» Exercise instructions
From the records below, output exactly the lines running from the line containing "#139=ORIENTED_EDGE('',*,*,#56,.F.);" through the line containing "#167=CARTESIAN_POINT('',(-10.,1.04744440165294E-13,40.));", and no others.

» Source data

==================================================

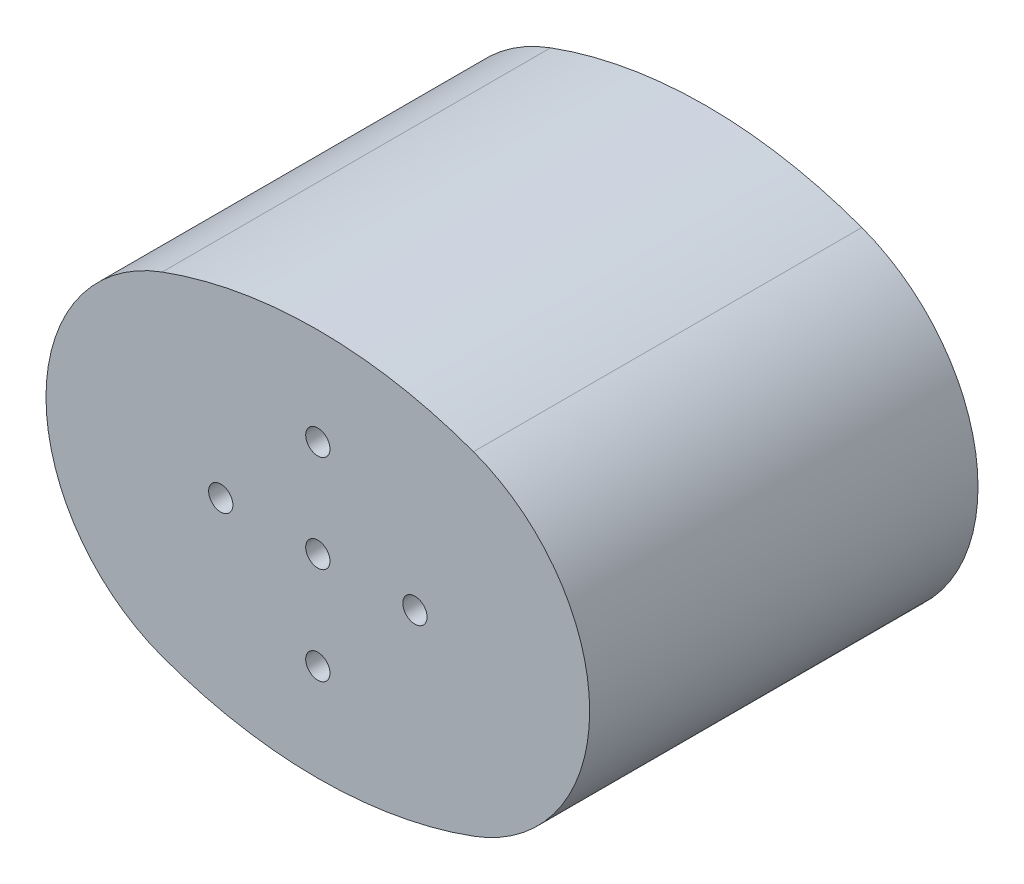
ISO-10303-21;
HEADER;
FILE_DESCRIPTION(('STEP AP214'),'2;1');
FILE_NAME('part.step','',(''),(''),'','','');
FILE_SCHEMA(('AUTOMOTIVE_DESIGN { 1 0 10303 214 1 1 1 1 }'));
ENDSEC;
DATA;
#1=APPLICATION_CONTEXT('core data for automotive mechanical design processes');
#2=APPLICATION_PROTOCOL_DEFINITION('international standard','automotive_design',2000,#1);
#3=PRODUCT_CONTEXT('',#1,'mechanical');
#4=PRODUCT('Part','Part','',(#3));
#5=PRODUCT_RELATED_PRODUCT_CATEGORY('part','',(#4));
#6=PRODUCT_DEFINITION_FORMATION('','',#4);
#7=PRODUCT_DEFINITION_CONTEXT('part definition',#1,'design');
#8=PRODUCT_DEFINITION('design','',#6,#7);
#9=PRODUCT_DEFINITION_SHAPE('','',#8);
#10=(LENGTH_UNIT() NAMED_UNIT(*) SI_UNIT(.MILLI.,.METRE.));
#11=(NAMED_UNIT(*) PLANE_ANGLE_UNIT() SI_UNIT($,.RADIAN.));
#12=(NAMED_UNIT(*) SI_UNIT($,.STERADIAN.) SOLID_ANGLE_UNIT());
#13=UNCERTAINTY_MEASURE_WITH_UNIT(LENGTH_MEASURE(1.E-05),#10,'distance_accuracy_value','');
#14=(GEOMETRIC_REPRESENTATION_CONTEXT(3) GLOBAL_UNCERTAINTY_ASSIGNED_CONTEXT((#13)) GLOBAL_UNIT_ASSIGNED_CONTEXT((#10,
#11,#12)) REPRESENTATION_CONTEXT('',''));
#15=CARTESIAN_POINT('',(0.,0.,0.));
#16=DIRECTION('',(0.,0.,1.));
#17=DIRECTION('',(1.,0.,0.));
#18=AXIS2_PLACEMENT_3D('',#15,#16,#17);
#19=CARTESIAN_POINT('',(0.,26.4889586669029,40.));
#20=DIRECTION('',(0.,0.,-1.));
#21=DIRECTION('',(-1.,0.,0.));
#22=AXIS2_PLACEMENT_3D('',#19,#20,#21);
#23=CYLINDRICAL_SURFACE('',#22,46.4889586669031);
#24=CARTESIAN_POINT('',(0.,26.4889586669029,0.));
#25=DIRECTION('',(0.,0.,1.));
#26=DIRECTION('',(1.,0.,0.));
#27=AXIS2_PLACEMENT_3D('',#24,#25,#26);
#28=CIRCLE('',#27,46.4889586669031);
#29=CARTESIAN_POINT('',(-16.0303859502735,-17.1487544287475,0.));
#30=VERTEX_POINT('',#29);
#31=CARTESIAN_POINT('',(16.0303859502735,-17.1487544287475,0.));
#32=VERTEX_POINT('',#31);
#33=EDGE_CURVE('E98',#30,#32,#28,.T.);
#34=ORIENTED_EDGE('',*,*,#33,.T.);
#35=DIRECTION('',(0.,0.,-1.));
#36=VECTOR('',#35,1.);
#37=CARTESIAN_POINT('',(16.0303859502735,-17.1487544287475,40.));
#38=LINE('',#37,#36);
#39=CARTESIAN_POINT('',(16.0303859502735,-17.1487544287475,40.));
#40=VERTEX_POINT('',#39);
#41=EDGE_CURVE('E11',#40,#32,#38,.T.);
#42=ORIENTED_EDGE('',*,*,#41,.F.);
#43=CARTESIAN_POINT('',(0.,26.4889586669029,40.));
#44=DIRECTION('',(0.,0.,1.));
#45=DIRECTION('',(1.,0.,0.));
#46=AXIS2_PLACEMENT_3D('',#43,#44,#45);
#47=CIRCLE('',#46,46.4889586669031);
#48=CARTESIAN_POINT('',(-16.0303859502735,-17.1487544287475,40.));
#49=VERTEX_POINT('',#48);
#50=EDGE_CURVE('E86',#49,#40,#47,.T.);
#51=ORIENTED_EDGE('',*,*,#50,.F.);
#52=DIRECTION('',(0.,0.,-1.));
#53=VECTOR('',#52,1.);
#54=CARTESIAN_POINT('',(-16.0303859502735,-17.1487544287475,40.));
#55=LINE('',#54,#53);
#56=EDGE_CURVE('E94',#49,#30,#55,.T.);
#57=ORIENTED_EDGE('',*,*,#56,.T.);
#58=EDGE_LOOP('',(#34,#42,#51,#57));
#59=FACE_BOUND('',#58,.T.);
#60=ADVANCED_FACE('F35',(#59),#23,.T.);
#61=CARTESIAN_POINT('',(9.73076269878195,0.,40.));
#62=DIRECTION('',(0.,0.,-1.));
#63=DIRECTION('',(-1.,0.,0.));
#64=AXIS2_PLACEMENT_3D('',#61,#62,#63);
#65=CYLINDRICAL_SURFACE('',#64,18.2692373012181);
#66=CARTESIAN_POINT('',(9.73076269878195,0.,0.));
#67=DIRECTION('',(0.,0.,1.));
#68=DIRECTION('',(1.,0.,0.));
#69=AXIS2_PLACEMENT_3D('',#66,#67,#68);
#70=CIRCLE('',#69,18.2692373012181);
#71=CARTESIAN_POINT('',(16.0303859502735,17.1487544287475,0.));
#72=VERTEX_POINT('',#71);
#73=EDGE_CURVE('E90',#32,#72,#70,.T.);
#74=ORIENTED_EDGE('',*,*,#73,.T.);
#75=DIRECTION('',(0.,0.,-1.));
#76=VECTOR('',#75,1.);
#77=CARTESIAN_POINT('',(16.0303859502735,17.1487544287475,40.));
#78=LINE('',#77,#76);
#79=CARTESIAN_POINT('',(16.0303859502735,17.1487544287475,40.));
#80=VERTEX_POINT('',#79);
#81=EDGE_CURVE('E43',#80,#72,#78,.T.);
#82=ORIENTED_EDGE('',*,*,#81,.F.);
#83=CARTESIAN_POINT('',(9.73076269878195,0.,40.));
#84=DIRECTION('',(0.,0.,1.));
#85=DIRECTION('',(1.,0.,0.));
#86=AXIS2_PLACEMENT_3D('',#83,#84,#85);
#87=CIRCLE('',#86,18.2692373012181);
#88=EDGE_CURVE('E81',#40,#80,#87,.T.);
#89=ORIENTED_EDGE('',*,*,#88,.F.);
#90=ORIENTED_EDGE('',*,*,#41,.T.);
#91=EDGE_LOOP('',(#74,#82,#89,#90));
#92=FACE_BOUND('',#91,.T.);
#93=ADVANCED_FACE('F89',(#92),#65,.T.);
#94=CARTESIAN_POINT('',(0.,-26.4889586669029,40.));
#95=DIRECTION('',(0.,0.,-1.));
#96=DIRECTION('',(-1.,0.,0.));
#97=AXIS2_PLACEMENT_3D('',#94,#95,#96);
#98=CYLINDRICAL_SURFACE('',#97,46.4889586669031);
#99=CARTESIAN_POINT('',(0.,-26.4889586669029,0.));
#100=DIRECTION('',(0.,0.,1.));
#101=DIRECTION('',(1.,0.,0.));
#102=AXIS2_PLACEMENT_3D('',#99,#100,#101);
#103=CIRCLE('',#102,46.4889586669031);
#104=CARTESIAN_POINT('',(-16.0303859502735,17.1487544287475,0.));
#105=VERTEX_POINT('',#104);
#106=EDGE_CURVE('E68',#72,#105,#103,.T.);
#107=ORIENTED_EDGE('',*,*,#106,.T.);
#108=DIRECTION('',(0.,0.,-1.));
#109=VECTOR('',#108,1.);
#110=CARTESIAN_POINT('',(-16.0303859502735,17.1487544287475,40.));
#111=LINE('',#110,#109);
#112=CARTESIAN_POINT('',(-16.0303859502735,17.1487544287475,40.));
#113=VERTEX_POINT('',#112);
#114=EDGE_CURVE('E91',#113,#105,#111,.T.);
#115=ORIENTED_EDGE('',*,*,#114,.F.);
#116=CARTESIAN_POINT('',(0.,-26.4889586669029,40.));
#117=DIRECTION('',(0.,0.,1.));
#118=DIRECTION('',(1.,0.,0.));
#119=AXIS2_PLACEMENT_3D('',#116,#117,#118);
#120=CIRCLE('',#119,46.4889586669031);
#121=EDGE_CURVE('E84',#80,#113,#120,.T.);
#122=ORIENTED_EDGE('',*,*,#121,.F.);
#123=ORIENTED_EDGE('',*,*,#81,.T.);
#124=EDGE_LOOP('',(#107,#115,#122,#123));
#125=FACE_BOUND('',#124,.T.);
#126=ADVANCED_FACE('F92',(#125),#98,.T.);
#127=CARTESIAN_POINT('',(-9.73076269878195,0.,40.));
#128=DIRECTION('',(0.,0.,-1.));
#129=DIRECTION('',(-1.,0.,0.));
#130=AXIS2_PLACEMENT_3D('',#127,#128,#129);
#131=CYLINDRICAL_SURFACE('',#130,18.2692373012181);
#132=CARTESIAN_POINT('',(-9.73076269878195,0.,0.));
#133=DIRECTION('',(0.,0.,1.));
#134=DIRECTION('',(1.,0.,0.));
#135=AXIS2_PLACEMENT_3D('',#132,#133,#134);
#136=CIRCLE('',#135,18.2692373012181);
#137=EDGE_CURVE('E74',#105,#30,#136,.T.);
#138=ORIENTED_EDGE('',*,*,#137,.T.);
#139=ORIENTED_EDGE('',*,*,#56,.F.);
#140=CARTESIAN_POINT('',(-9.73076269878195,0.,40.));
#141=DIRECTION('',(0.,0.,1.));
#142=DIRECTION('',(1.,0.,0.));
#143=AXIS2_PLACEMENT_3D('',#140,#141,#142);
#144=CIRCLE('',#143,18.2692373012181);
#145=EDGE_CURVE('E51',#113,#49,#144,.T.);
#146=ORIENTED_EDGE('',*,*,#145,.F.);
#147=ORIENTED_EDGE('',*,*,#114,.T.);
#148=EDGE_LOOP('',(#138,#139,#146,#147));
#149=FACE_BOUND('',#148,.T.);
#150=ADVANCED_FACE('F106',(#149),#131,.T.);
#151=CARTESIAN_POINT('',(4.86538134939097,13.2444793334515,40.));
#152=DIRECTION('',(0.,0.,1.));
#153=DIRECTION('',(1.,0.,0.));
#154=AXIS2_PLACEMENT_3D('',#151,#152,#153);
#155=PLANE('',#154);
#156=CARTESIAN_POINT('',(0.,10.,40.));
#157=DIRECTION('',(0.,0.,1.));
#158=DIRECTION('',(1.,0.,0.));
#159=AXIS2_PLACEMENT_3D('',#156,#157,#158);
#160=CIRCLE('',#159,1.25);
#161=CARTESIAN_POINT('',(1.25,10.,40.));
#162=VERTEX_POINT('',#161);
#163=EDGE_CURVE('E125',#162,#162,#160,.T.);
#164=ORIENTED_EDGE('',*,*,#163,.F.);
#165=EDGE_LOOP('',(#164));
#166=FACE_BOUND('',#165,.T.);
#167=CARTESIAN_POINT('',(-10.,1.04744440165294E-13,40.));
#168=DIRECTION('',(0.,0.,1.));
#169=DIRECTION('',(1.,0.,0.));
#170=AXIS2_PLACEMENT_3D('',#167,#168,#169);
#171=CIRCLE('',#170,1.25);
#172=CARTESIAN_POINT('',(-8.75,1.04744440165294E-13,40.));
#173=VERTEX_POINT('',#172);
#174=EDGE_CURVE('E126',#173,#173,#171,.T.);
#175=ORIENTED_EDGE('',*,*,#174,.F.);
#176=EDGE_LOOP('',(#175));
#177=FACE_BOUND('',#176,.T.);
#178=CARTESIAN_POINT('',(0.,-10.,40.));
#179=DIRECTION('',(0.,0.,1.));
#180=DIRECTION('',(1.,0.,0.));
#181=AXIS2_PLACEMENT_3D('',#178,#179,#180);
#182=CIRCLE('',#181,1.25);
#183=CARTESIAN_POINT('',(1.24999999999993,-10.,40.));
#184=VERTEX_POINT('',#183);
#185=EDGE_CURVE('E132',#184,#184,#182,.T.);
#186=ORIENTED_EDGE('',*,*,#185,.F.);
#187=EDGE_LOOP('',(#186));
#188=FACE_BOUND('',#187,.T.);
#189=CARTESIAN_POINT('',(10.,0.,40.));
#190=DIRECTION('',(0.,0.,1.));
#191=DIRECTION('',(1.,0.,0.));
#192=AXIS2_PLACEMENT_3D('',#189,#190,#191);
#193=CIRCLE('',#192,1.25);
#194=CARTESIAN_POINT('',(11.25,0.,40.));
#195=VERTEX_POINT('',#194);
#196=EDGE_CURVE('E112',#195,#195,#193,.T.);
#197=ORIENTED_EDGE('',*,*,#196,.F.);
#198=EDGE_LOOP('',(#197));
#199=FACE_BOUND('',#198,.T.);
#200=CARTESIAN_POINT('',(0.,0.,40.));
#201=DIRECTION('',(0.,0.,1.));
#202=DIRECTION('',(1.,0.,0.));
#203=AXIS2_PLACEMENT_3D('',#200,#201,#202);
#204=CIRCLE('',#203,1.25);
#205=CARTESIAN_POINT('',(1.25,0.,40.));
#206=VERTEX_POINT('',#205);
#207=EDGE_CURVE('E119',#206,#206,#204,.T.);
#208=ORIENTED_EDGE('',*,*,#207,.F.);
#209=EDGE_LOOP('',(#208));
#210=FACE_BOUND('',#209,.T.);
#211=ORIENTED_EDGE('',*,*,#50,.T.);
#212=ORIENTED_EDGE('',*,*,#88,.T.);
#213=ORIENTED_EDGE('',*,*,#121,.T.);
#214=ORIENTED_EDGE('',*,*,#145,.T.);
#215=EDGE_LOOP('',(#211,#212,#213,#214));
#216=FACE_BOUND('',#215,.T.);
#217=ADVANCED_FACE('F82',(#166,#177,#188,#199,#210,#216),#155,.T.);
#218=CARTESIAN_POINT('',(4.86538134939097,13.2444793334515,0.));
#219=DIRECTION('',(0.,0.,1.));
#220=DIRECTION('',(1.,0.,0.));
#221=AXIS2_PLACEMENT_3D('',#218,#219,#220);
#222=PLANE('',#221);
#223=CARTESIAN_POINT('',(0.,10.,0.));
#224=DIRECTION('',(0.,0.,1.));
#225=DIRECTION('',(1.,0.,0.));
#226=AXIS2_PLACEMENT_3D('',#223,#224,#225);
#227=CIRCLE('',#226,1.25);
#228=CARTESIAN_POINT('',(1.25,10.,0.));
#229=VERTEX_POINT('',#228);
#230=EDGE_CURVE('E101',#229,#229,#227,.T.);
#231=ORIENTED_EDGE('',*,*,#230,.T.);
#232=EDGE_LOOP('',(#231));
#233=FACE_BOUND('',#232,.T.);
#234=CARTESIAN_POINT('',(-10.,1.04744440165294E-13,0.));
#235=DIRECTION('',(0.,0.,1.));
#236=DIRECTION('',(1.,0.,0.));
#237=AXIS2_PLACEMENT_3D('',#234,#235,#236);
#238=CIRCLE('',#237,1.25);
#239=CARTESIAN_POINT('',(-8.75,1.04744440165294E-13,0.));
#240=VERTEX_POINT('',#239);
#241=EDGE_CURVE('E129',#240,#240,#238,.T.);
#242=ORIENTED_EDGE('',*,*,#241,.T.);
#243=EDGE_LOOP('',(#242));
#244=FACE_BOUND('',#243,.T.);
#245=CARTESIAN_POINT('',(0.,-10.,0.));
#246=DIRECTION('',(0.,0.,1.));
#247=DIRECTION('',(1.,0.,0.));
#248=AXIS2_PLACEMENT_3D('',#245,#246,#247);
#249=CIRCLE('',#248,1.25);
#250=CARTESIAN_POINT('',(1.24999999999993,-10.,0.));
#251=VERTEX_POINT('',#250);
#252=EDGE_CURVE('E116',#251,#251,#249,.T.);
#253=ORIENTED_EDGE('',*,*,#252,.T.);
#254=EDGE_LOOP('',(#253));
#255=FACE_BOUND('',#254,.T.);
#256=CARTESIAN_POINT('',(10.,0.,0.));
#257=DIRECTION('',(0.,0.,1.));
#258=DIRECTION('',(1.,0.,0.));
#259=AXIS2_PLACEMENT_3D('',#256,#257,#258);
#260=CIRCLE('',#259,1.25);
#261=CARTESIAN_POINT('',(11.25,0.,0.));
#262=VERTEX_POINT('',#261);
#263=EDGE_CURVE('E115',#262,#262,#260,.T.);
#264=ORIENTED_EDGE('',*,*,#263,.T.);
#265=EDGE_LOOP('',(#264));
#266=FACE_BOUND('',#265,.T.);
#267=CARTESIAN_POINT('',(0.,0.,0.));
#268=DIRECTION('',(0.,0.,1.));
#269=DIRECTION('',(1.,0.,0.));
#270=AXIS2_PLACEMENT_3D('',#267,#268,#269);
#271=CIRCLE('',#270,1.25);
#272=CARTESIAN_POINT('',(1.25,0.,0.));
#273=VERTEX_POINT('',#272);
#274=EDGE_CURVE('E122',#273,#273,#271,.T.);
#275=ORIENTED_EDGE('',*,*,#274,.T.);
#276=EDGE_LOOP('',(#275));
#277=FACE_BOUND('',#276,.T.);
#278=ORIENTED_EDGE('',*,*,#33,.F.);
#279=ORIENTED_EDGE('',*,*,#137,.F.);
#280=ORIENTED_EDGE('',*,*,#106,.F.);
#281=ORIENTED_EDGE('',*,*,#73,.F.);
#282=EDGE_LOOP('',(#278,#279,#280,#281));
#283=FACE_BOUND('',#282,.T.);
#284=ADVANCED_FACE('F109',(#233,#244,#255,#266,#277,#283),#222,.F.);
#285=CARTESIAN_POINT('',(0.,0.,0.));
#286=DIRECTION('',(0.,0.,1.));
#287=DIRECTION('',(1.,0.,0.));
#288=AXIS2_PLACEMENT_3D('',#285,#286,#287);
#289=CYLINDRICAL_SURFACE('',#288,1.25);
#290=ORIENTED_EDGE('',*,*,#274,.F.);
#291=EDGE_LOOP('',(#290));
#292=FACE_BOUND('',#291,.T.);
#293=ORIENTED_EDGE('',*,*,#207,.T.);
#294=EDGE_LOOP('',(#293));
#295=FACE_BOUND('',#294,.T.);
#296=ADVANCED_FACE('F162',(#292,#295),#289,.F.);
#297=CARTESIAN_POINT('',(10.,0.,0.));
#298=DIRECTION('',(0.,0.,1.));
#299=DIRECTION('',(1.,0.,0.));
#300=AXIS2_PLACEMENT_3D('',#297,#298,#299);
#301=CYLINDRICAL_SURFACE('',#300,1.25);
#302=ORIENTED_EDGE('',*,*,#263,.F.);
#303=EDGE_LOOP('',(#302));
#304=FACE_BOUND('',#303,.T.);
#305=ORIENTED_EDGE('',*,*,#196,.T.);
#306=EDGE_LOOP('',(#305));
#307=FACE_BOUND('',#306,.T.);
#308=ADVANCED_FACE('F164',(#304,#307),#301,.F.);
#309=CARTESIAN_POINT('',(0.,-10.,0.));
#310=DIRECTION('',(0.,0.,1.));
#311=DIRECTION('',(1.,0.,0.));
#312=AXIS2_PLACEMENT_3D('',#309,#310,#311);
#313=CYLINDRICAL_SURFACE('',#312,1.25);
#314=ORIENTED_EDGE('',*,*,#252,.F.);
#315=EDGE_LOOP('',(#314));
#316=FACE_BOUND('',#315,.T.);
#317=ORIENTED_EDGE('',*,*,#185,.T.);
#318=EDGE_LOOP('',(#317));
#319=FACE_BOUND('',#318,.T.);
#320=ADVANCED_FACE('F171',(#316,#319),#313,.F.);
#321=CARTESIAN_POINT('',(-10.,1.04744440165294E-13,0.));
#322=DIRECTION('',(0.,0.,1.));
#323=DIRECTION('',(1.,0.,0.));
#324=AXIS2_PLACEMENT_3D('',#321,#322,#323);
#325=CYLINDRICAL_SURFACE('',#324,1.25);
#326=ORIENTED_EDGE('',*,*,#241,.F.);
#327=EDGE_LOOP('',(#326));
#328=FACE_BOUND('',#327,.T.);
#329=ORIENTED_EDGE('',*,*,#174,.T.);
#330=EDGE_LOOP('',(#329));
#331=FACE_BOUND('',#330,.T.);
#332=ADVANCED_FACE('F147',(#328,#331),#325,.F.);
#333=CARTESIAN_POINT('',(0.,10.,0.));
#334=DIRECTION('',(0.,0.,1.));
#335=DIRECTION('',(1.,0.,0.));
#336=AXIS2_PLACEMENT_3D('',#333,#334,#335);
#337=CYLINDRICAL_SURFACE('',#336,1.25);
#338=ORIENTED_EDGE('',*,*,#230,.F.);
#339=EDGE_LOOP('',(#338));
#340=FACE_BOUND('',#339,.T.);
#341=ORIENTED_EDGE('',*,*,#163,.T.);
#342=EDGE_LOOP('',(#341));
#343=FACE_BOUND('',#342,.T.);
#344=ADVANCED_FACE('F144',(#340,#343),#337,.F.);
#345=CLOSED_SHELL('',(#60,#93,#126,#150,#217,#284,#296,#308,#320,#332,#344));
#346=MANIFOLD_SOLID_BREP('B2',#345);
#347=ADVANCED_BREP_SHAPE_REPRESENTATION('',(#18,#346),#14);
#348=SHAPE_DEFINITION_REPRESENTATION(#9,#347);
ENDSEC;
END-ISO-10303-21;

==================================================

» Response area
#139=ORIENTED_EDGE('',*,*,#56,.F.);
#140=CARTESIAN_POINT('',(-9.73076269878195,0.,40.));
#141=DIRECTION('',(0.,0.,1.));
#142=DIRECTION('',(1.,0.,0.));
#143=AXIS2_PLACEMENT_3D('',#140,#141,#142);
#144=CIRCLE('',#143,18.2692373012181);
#145=EDGE_CURVE('E51',#113,#49,#144,.T.);
#146=ORIENTED_EDGE('',*,*,#145,.F.);
#147=ORIENTED_EDGE('',*,*,#114,.T.);
#148=EDGE_LOOP('',(#138,#139,#146,#147));
#149=FACE_BOUND('',#148,.T.);
#150=ADVANCED_FACE('F106',(#149),#131,.T.);
#151=CARTESIAN_POINT('',(4.86538134939097,13.2444793334515,40.));
#152=DIRECTION('',(0.,0.,1.));
#153=DIRECTION('',(1.,0.,0.));
#154=AXIS2_PLACEMENT_3D('',#151,#152,#153);
#155=PLANE('',#154);
#156=CARTESIAN_POINT('',(0.,10.,40.));
#157=DIRECTION('',(0.,0.,1.));
#158=DIRECTION('',(1.,0.,0.));
#159=AXIS2_PLACEMENT_3D('',#156,#157,#158);
#160=CIRCLE('',#159,1.25);
#161=CARTESIAN_POINT('',(1.25,10.,40.));
#162=VERTEX_POINT('',#161);
#163=EDGE_CURVE('E125',#162,#162,#160,.T.);
#164=ORIENTED_EDGE('',*,*,#163,.F.);
#165=EDGE_LOOP('',(#164));
#166=FACE_BOUND('',#165,.T.);
#167=CARTESIAN_POINT('',(-10.,1.04744440165294E-13,40.));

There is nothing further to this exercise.